Unia Europejska nie zniesie wiz dla obywateli Rosji nawet jeśli Rosja wcześniej jednostronnie zniesie swoje wizy dla obywateli państw UE - oświadczył ambasador Belgii w Federacji Rosyjskiej Guy Trouveroy, którego w piątek cytuje dziennik "Moskowskije Nowosti".

Trouveroy wyjaśnił, że Bruksela obawia się, iż otwarcie granic zwiększy napływ uchodźców z Północnego Kaukazu, a Unia Europejska już teraz ma wiele problemów z imigrantami.

"Moskowskije Nowosti" oceniają wypowiedź belgijskiego dyplomaty jako "sensacyjną". "Dotąd europejscy politycy nie wypowiadali się tak kategorycznie, a zniesienia wiz nie łączyli z kaukaskimi uchodźcami" - konstatuje ta nowa gazeta powstała na bazie dawnego dziennika "Wriemia Nowostiej".

"Moskowskije Nowosti" zauważają, że w ten sposób "problemy na Kaukazie pogrzebały jeden z ulubionych projektów Dmitrija Miedwiediewa i Władimira Putina - wprowadzenie ruchu bezwizowego między Rosją a Unią Europejską".

Dziennik przypomina, że "ruch bezwizowy jest częścią "programu obowiązkowego" Miedwiediewa w czasie jego spotkań z europejskimi przywódcami".

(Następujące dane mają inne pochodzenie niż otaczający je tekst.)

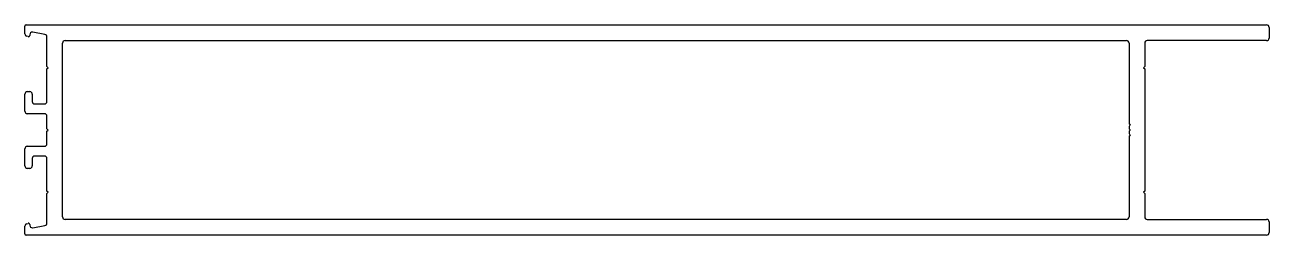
# Model space of a CAD drawing. Extents: x -128 to 126, y 26 to 69.
import ezdxf

# ---------------------------------------------------------------- set-up
doc = ezdxf.new("R2010")
doc.units = 0
doc.layers.get('0').update_dxf_attribs({"linetype": 'CONTINUOUS'})

msp = doc.modelspace()

# ---------------------------------------------------------------- linework, layer by layer
for p, q in [((-128.35, 67.35), (-128.35, 68.93)), ((-128.1, 69.18), (125.15, 69.18)), ((125.65, 68.68), (125.65, 66.48)), ((-127.66, 66.78), (-127.98, 66.86)), ((-127.35, 67.18), (-127.35, 67.02)), ((-124.26, 67.23), (-126.76, 67.67)), ((-123.85, 60.69), (-123.85, 66.73)), ((-120.65, 30.01), (-120.65, 65.48)), ((-120.15, 65.98), (96.55, 65.98)), ((97.05, 65.48), (97.05, 49.1)), ((100.25, 65.48), (100.25, 60.69)), ((125.15, 65.98), (100.75, 65.98)), ((-123.6, 60.44), (-123.85, 60.69)), ((-123.85, 60.19), (-123.6, 60.44)), ((-123.85, 53.57), (-123.85, 60.19)), ((100.25, 60.69), (100, 60.44)), ((100, 60.44), (100.25, 60.19)), ((100.25, 60.19), (100.25, 35.29)), ((-128.35, 51.57), (-128.35, 55.07)), ((-127.85, 55.57), (-127.35, 55.57)), ((-126.85, 55.07), (-126.85, 53.57)), ((-124.35, 51.07), (-127.85, 51.07)), ((-126.35, 53.07), (-124.35, 53.07)), ((-123.85, 47.99), (-123.85, 50.57)), ((97.05, 48.39), (97.05, 48.1)), ((97.12, 48.92), (97.3, 48.75)), ((97.3, 48.74), (97.12, 48.57)), ((-123.6, 47.74), (-123.85, 47.99)), ((-123.85, 47.49), (-123.6, 47.74)), ((-123.85, 44.92), (-123.85, 47.49)), ((97.05, 47.39), (97.05, 47.1)), ((97.05, 46.39), (97.05, 30.01)), ((97.12, 47.92), (97.3, 47.75)), ((97.3, 47.74), (97.12, 47.57)), ((97.12, 46.92), (97.3, 46.75)), ((97.3, 46.74), (97.12, 46.57)), ((-128.35, 40.42), (-128.35, 43.92)), ((-127.85, 44.42), (-124.35, 44.42)), ((-126.85, 41.92), (-126.85, 40.42)), ((-124.35, 42.42), (-126.35, 42.42)), ((-123.85, 35.29), (-123.85, 41.92)), ((-127.35, 39.92), (-127.85, 39.92)), ((-123.6, 35.04), (-123.85, 35.29)), ((-123.85, 34.79), (-123.6, 35.04)), ((-123.85, 28.75), (-123.85, 34.79)), ((100.25, 35.29), (100, 35.04)), ((100, 35.04), (100.25, 34.79)), ((100.25, 34.79), (100.25, 30.01)), ((-128.35, 26.56), (-128.35, 28.14)), ((-127.98, 28.63), (-127.66, 28.71)), ((-127.35, 28.47), (-127.35, 28.31)), ((-126.76, 27.82), (-124.26, 28.26)), ((96.55, 29.51), (-120.15, 29.51)), ((100.75, 29.51), (125.15, 29.51)), ((125.65, 29.01), (125.65, 26.81)), ((125.15, 26.31), (-128.1, 26.31))]:
    msp.add_line(p, q)
for centre, radius, start, end in [((-128.1, 68.93), 0.25, 90, 180), ((125.15, 68.68), 0.5, 0, 90), ((-127.85, 67.35), 0.5, 180, 255), ((-127.6, 67.02), 0.25, 255, 0), ((-126.85, 67.18), 0.5, 80, 180), ((-124.35, 66.73), 0.5, 0, 80), ((125.15, 66.48), 0.5, 270, 0), ((-120.15, 65.48), 0.5, 90, 180), ((96.55, 65.48), 0.5, 0, 90), ((100.75, 65.48), 0.5, 90, 180), ((-127.85, 55.07), 0.5, 90, 180), ((-127.35, 55.07), 0.5, 0, 90), ((-126.35, 53.57), 0.5, 180, 270), ((-124.35, 53.57), 0.5, 270, 0), ((-127.85, 51.57), 0.5, 180, 270), ((-124.35, 50.57), 0.5, 0, 90), ((97.3, 49.1), 0.25, 180, 225), ((97.3, 48.39), 0.25, 135, 180), ((97.29, 48.74), 0.008, 315, 45), ((97.3, 48.1), 0.25, 180, 225), ((97.3, 47.39), 0.25, 135, 180), ((97.3, 47.1), 0.25, 180, 225), ((97.3, 46.39), 0.25, 135, 180), ((97.29, 47.74), 0.008, 315, 45), ((97.29, 46.74), 0.008, 315, 45), ((-127.85, 43.92), 0.5, 90, 180), ((-124.35, 44.92), 0.5, 270, 0), ((-126.35, 41.92), 0.5, 90, 180), ((-124.35, 41.92), 0.5, 0, 90), ((-127.85, 40.42), 0.5, 180, 270), ((-127.35, 40.42), 0.5, 270, 0), ((-127.85, 28.14), 0.5, 105, 180), ((-127.6, 28.47), 0.25, 0, 105), ((-126.85, 28.31), 0.5, 180, 280), ((-124.35, 28.75), 0.5, 280, 0), ((-120.15, 30.01), 0.5, 180, 270), ((96.55, 30.01), 0.5, 270, 0), ((100.75, 30.01), 0.5, 180, 270), ((125.15, 29.01), 0.5, 0, 90), ((-128.1, 26.56), 0.25, 180, 270), ((125.15, 26.81), 0.5, 270, 0)]:
    msp.add_arc(centre, radius, start, end)

doc.saveas('drawing.dxf')

"Moskowskije Nowosti" zaznaczają, że "o tym, iż jednostronne zniesienie wiz nie gwarantuje wzajemności ze strony Brukseli, wiadomo było od dawna". "Kijów w 2005 roku zniósł wizy dla obywateli UE, USA i Kanady, jednak sami Ukraińcy przed wyjazdem do tych krajów muszą odwiedzać ich konsulaty" - wskazuje gazeta.

Unia Europejska w oficjalnych kontaktach z Rosją deklaruje gotowość do rozmów o technicznych wymogach niezbędnych do zniesienia wiz, jak dokumenty biometryczne, zarządzanie granicami czy odpowiednie ustawodawstwo, ale unika podawania konkretnych dat wprowadzenia ruchu bezwizowego. Unijni dyplomaci sugerują, że jest to sprawa raczej długoterminowa.

W październiku 2010 roku, podczas trójstronnego spotkania z kanclerz Niemiec Angelą Merkel i prezydentem Rosji Dmitrijem Miedwiediewem w Deauville, prezydent Francji Nicolas Sarkozy dał do zrozumienia, że zniesienie unijnych wiz dla Rosjan będzie możliwe nie wcześniej, niż za 10-15 lat.